Heh, good point. I graduated from a very well-endowed college. I get the constant "begging-for-money" calls and mails and it irks me. I paid my tuition. I took out loans. I paid them back. I even earned a merit-based scholarship my freshman year and had the college reduce my aid grants by the same amount, such that it had no beneficial effect for me.

I have a friend who went to the same school and has similar views on money and wealth. He made a great comment one day, saying that our college asking for money from us is like having a rich uncle who invites you to lunch and asks you to pick up the tab. No thanks.
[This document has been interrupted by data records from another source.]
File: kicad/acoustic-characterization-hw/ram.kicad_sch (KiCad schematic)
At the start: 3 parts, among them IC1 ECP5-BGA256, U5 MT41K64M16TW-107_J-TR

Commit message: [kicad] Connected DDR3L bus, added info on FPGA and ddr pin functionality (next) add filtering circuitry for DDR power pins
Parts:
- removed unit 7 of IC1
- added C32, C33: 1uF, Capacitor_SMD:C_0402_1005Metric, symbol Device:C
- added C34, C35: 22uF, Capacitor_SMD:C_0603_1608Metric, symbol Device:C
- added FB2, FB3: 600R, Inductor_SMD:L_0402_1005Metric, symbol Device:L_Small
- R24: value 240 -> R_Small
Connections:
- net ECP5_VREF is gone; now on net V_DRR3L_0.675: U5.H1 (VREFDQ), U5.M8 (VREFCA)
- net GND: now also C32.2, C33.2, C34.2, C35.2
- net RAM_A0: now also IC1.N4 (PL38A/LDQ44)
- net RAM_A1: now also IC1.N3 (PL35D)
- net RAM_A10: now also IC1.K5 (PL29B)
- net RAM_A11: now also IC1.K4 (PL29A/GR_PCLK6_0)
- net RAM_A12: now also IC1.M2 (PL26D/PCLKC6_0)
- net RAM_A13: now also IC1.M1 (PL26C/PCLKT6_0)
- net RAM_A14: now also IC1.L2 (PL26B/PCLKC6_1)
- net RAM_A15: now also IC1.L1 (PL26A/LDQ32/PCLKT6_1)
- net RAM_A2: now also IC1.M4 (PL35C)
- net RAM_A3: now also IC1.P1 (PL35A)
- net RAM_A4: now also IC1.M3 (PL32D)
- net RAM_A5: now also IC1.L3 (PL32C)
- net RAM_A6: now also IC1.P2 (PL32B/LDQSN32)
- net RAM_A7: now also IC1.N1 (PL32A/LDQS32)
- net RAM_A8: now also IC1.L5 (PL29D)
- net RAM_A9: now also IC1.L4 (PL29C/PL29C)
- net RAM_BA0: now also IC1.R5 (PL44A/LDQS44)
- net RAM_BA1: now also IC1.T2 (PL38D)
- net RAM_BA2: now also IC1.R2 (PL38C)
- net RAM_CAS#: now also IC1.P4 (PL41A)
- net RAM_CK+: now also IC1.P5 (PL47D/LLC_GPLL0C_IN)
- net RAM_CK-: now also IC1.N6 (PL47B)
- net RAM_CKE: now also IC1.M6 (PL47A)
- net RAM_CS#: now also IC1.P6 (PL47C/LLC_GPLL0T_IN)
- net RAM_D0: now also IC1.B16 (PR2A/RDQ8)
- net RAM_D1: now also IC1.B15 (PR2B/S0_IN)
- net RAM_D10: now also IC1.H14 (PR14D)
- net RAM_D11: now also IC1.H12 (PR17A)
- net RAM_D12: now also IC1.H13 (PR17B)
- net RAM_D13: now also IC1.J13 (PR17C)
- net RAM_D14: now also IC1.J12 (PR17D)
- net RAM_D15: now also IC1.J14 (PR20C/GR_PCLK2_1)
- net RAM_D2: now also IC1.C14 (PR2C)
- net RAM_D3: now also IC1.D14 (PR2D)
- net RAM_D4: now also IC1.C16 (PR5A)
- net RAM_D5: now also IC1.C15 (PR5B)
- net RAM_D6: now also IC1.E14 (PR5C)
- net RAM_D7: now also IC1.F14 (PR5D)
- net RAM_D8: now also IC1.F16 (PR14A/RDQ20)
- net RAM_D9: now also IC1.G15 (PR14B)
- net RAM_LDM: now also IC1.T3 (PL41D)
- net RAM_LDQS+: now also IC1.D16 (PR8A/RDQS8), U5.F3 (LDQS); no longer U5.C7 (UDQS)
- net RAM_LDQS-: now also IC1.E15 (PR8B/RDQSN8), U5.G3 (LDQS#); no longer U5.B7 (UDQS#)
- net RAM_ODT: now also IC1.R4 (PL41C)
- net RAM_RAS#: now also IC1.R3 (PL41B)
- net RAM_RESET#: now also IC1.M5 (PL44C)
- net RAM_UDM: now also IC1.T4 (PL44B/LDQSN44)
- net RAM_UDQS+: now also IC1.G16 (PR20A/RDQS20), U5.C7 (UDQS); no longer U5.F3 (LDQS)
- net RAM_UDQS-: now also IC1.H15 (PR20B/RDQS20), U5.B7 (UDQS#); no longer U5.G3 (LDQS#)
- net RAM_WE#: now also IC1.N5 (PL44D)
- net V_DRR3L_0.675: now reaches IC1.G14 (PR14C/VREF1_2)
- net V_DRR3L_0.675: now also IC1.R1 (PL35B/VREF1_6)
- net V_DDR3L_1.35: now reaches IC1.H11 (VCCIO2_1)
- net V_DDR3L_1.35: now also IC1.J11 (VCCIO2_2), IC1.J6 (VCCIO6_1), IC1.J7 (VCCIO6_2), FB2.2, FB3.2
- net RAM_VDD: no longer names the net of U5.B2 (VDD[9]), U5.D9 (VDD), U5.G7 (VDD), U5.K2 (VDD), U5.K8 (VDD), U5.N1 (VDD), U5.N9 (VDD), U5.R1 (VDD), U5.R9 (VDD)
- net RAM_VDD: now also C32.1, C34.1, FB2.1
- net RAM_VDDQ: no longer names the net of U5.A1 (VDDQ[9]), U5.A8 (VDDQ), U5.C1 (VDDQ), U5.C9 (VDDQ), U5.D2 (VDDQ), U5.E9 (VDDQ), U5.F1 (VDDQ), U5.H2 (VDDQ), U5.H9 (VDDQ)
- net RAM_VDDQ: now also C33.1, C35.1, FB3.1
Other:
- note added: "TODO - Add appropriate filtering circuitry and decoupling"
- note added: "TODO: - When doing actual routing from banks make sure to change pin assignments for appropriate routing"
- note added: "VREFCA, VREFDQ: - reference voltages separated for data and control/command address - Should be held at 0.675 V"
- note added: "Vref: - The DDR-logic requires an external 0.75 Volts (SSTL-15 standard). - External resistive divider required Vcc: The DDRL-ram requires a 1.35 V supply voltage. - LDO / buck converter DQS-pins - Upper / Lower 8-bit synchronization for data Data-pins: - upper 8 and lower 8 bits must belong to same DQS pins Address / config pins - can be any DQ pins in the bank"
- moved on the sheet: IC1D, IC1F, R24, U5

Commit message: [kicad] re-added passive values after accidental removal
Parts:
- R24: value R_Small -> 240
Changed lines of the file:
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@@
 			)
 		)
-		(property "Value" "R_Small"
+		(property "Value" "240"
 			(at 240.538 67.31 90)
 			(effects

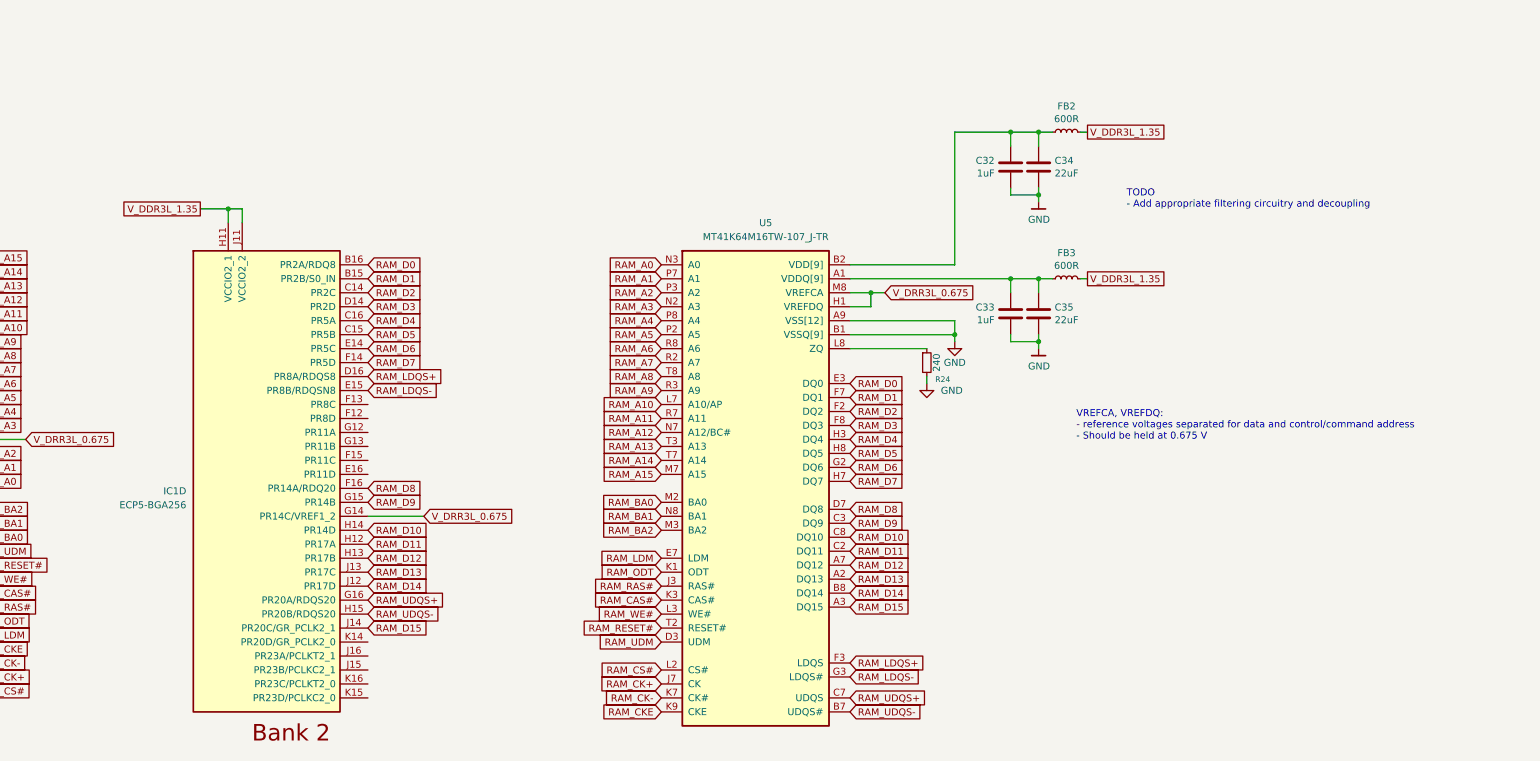
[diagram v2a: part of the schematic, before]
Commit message: [simulations] Added buck converter simulations (next) Completely understand voltage swing reasons and stabilize
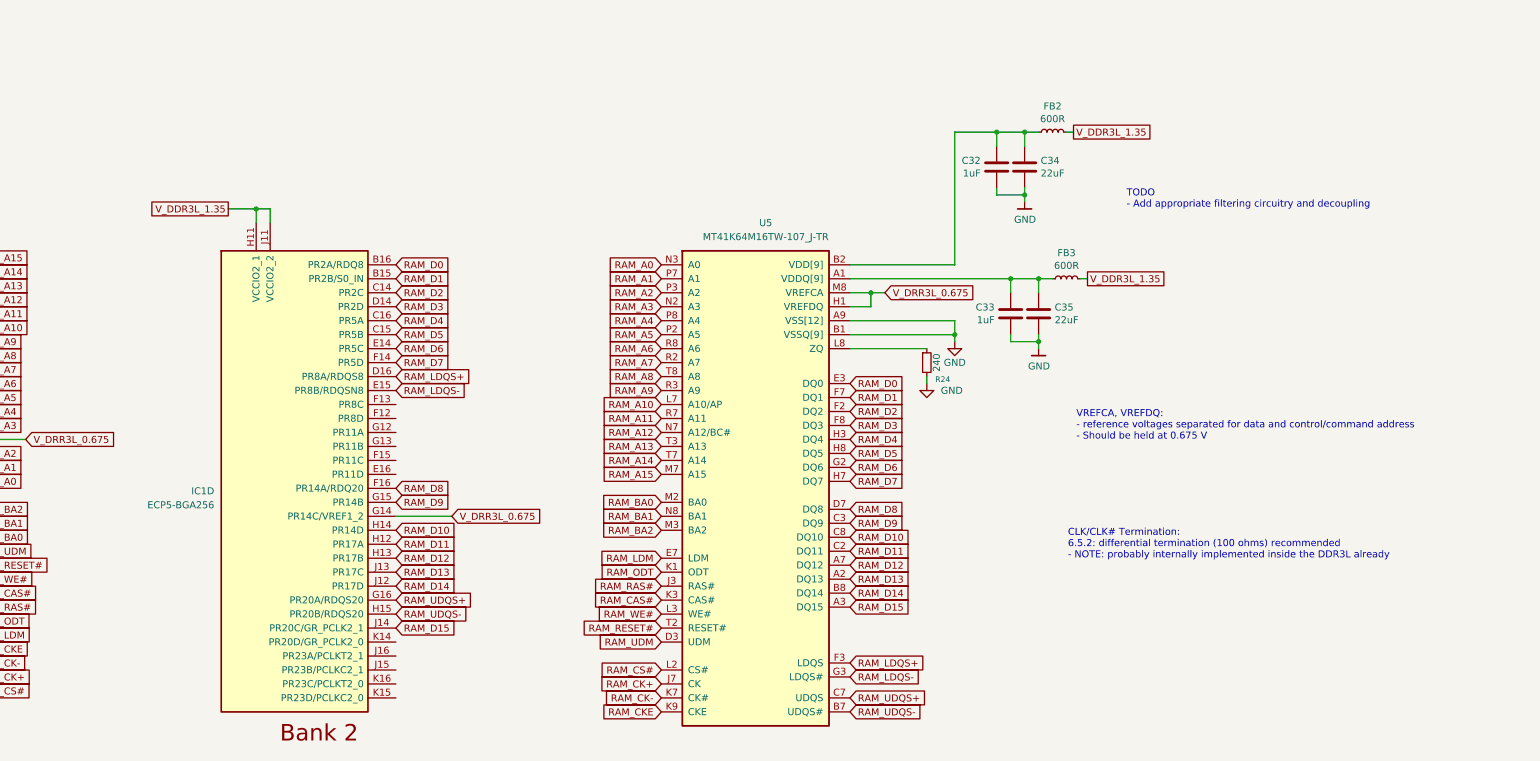
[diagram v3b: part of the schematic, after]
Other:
- note added: "CLK/CLK# Termination: 6.5.2: differential termination (100 ohms) recommended - NOTE: probably internally implemented inside the DDR3L already"
- moved on the sheet: C32, C34, FB2, IC1D

I also agree with the comments regarding tuition inflation. Easy government loans are a big part of the problem. Schools endlessly building, expanding, and upgrading the quality of life (fancy dorms, massive sports facilities, etc) are also part of the problem. In my opinion, aside from the elite schools, this trend is going to crash and burn within the next 20 years. Online learning - and hybrid online/in-person learning - is going to reduce costs and revolutionize college.

-progmtl.
Hey! GREAT first post. Had to check to see if I had written it, and then forgotten about it. Am almost afraid to find out if we went to the same college. It was very small (800 students) when I attended, in the 50's but it has an endowment of nearly a Billion today.
And paying one's way through... Yeah.. You BET... 20 hrs a week, washing dishes, monitoring, and teaching... Also, a full tuition scholarship that the colleges cashed in on with a little payback of advertising from my athletic national recognition.
Also... ditto on the expansion... Just incredible... The swimming pool was replaced with the newest state of the art olympic quality... electronic signing/tiiming/scoreboard $500K alone... But that wasn't the most expensive part of the deal... The old pool, built in 1929 was center campus. The decision was made to convert this relatively small building into a recital hall... Architects fees $3 million... eventual cost another $15 million. Seats about 150. That's just one of many, many new arenas and fieldhouses... skating rinks, science buildings etc... for a school with less than 2000 students. These costs for building alone. The ongoing maintenance cost can only be guessed at.

That said, the school provides many millions in scholarships, and has the best post college ROI in terms of the human product. Overall, it's well managed and looks to be stable for many decades to come. Exceptional when compared to similar schools.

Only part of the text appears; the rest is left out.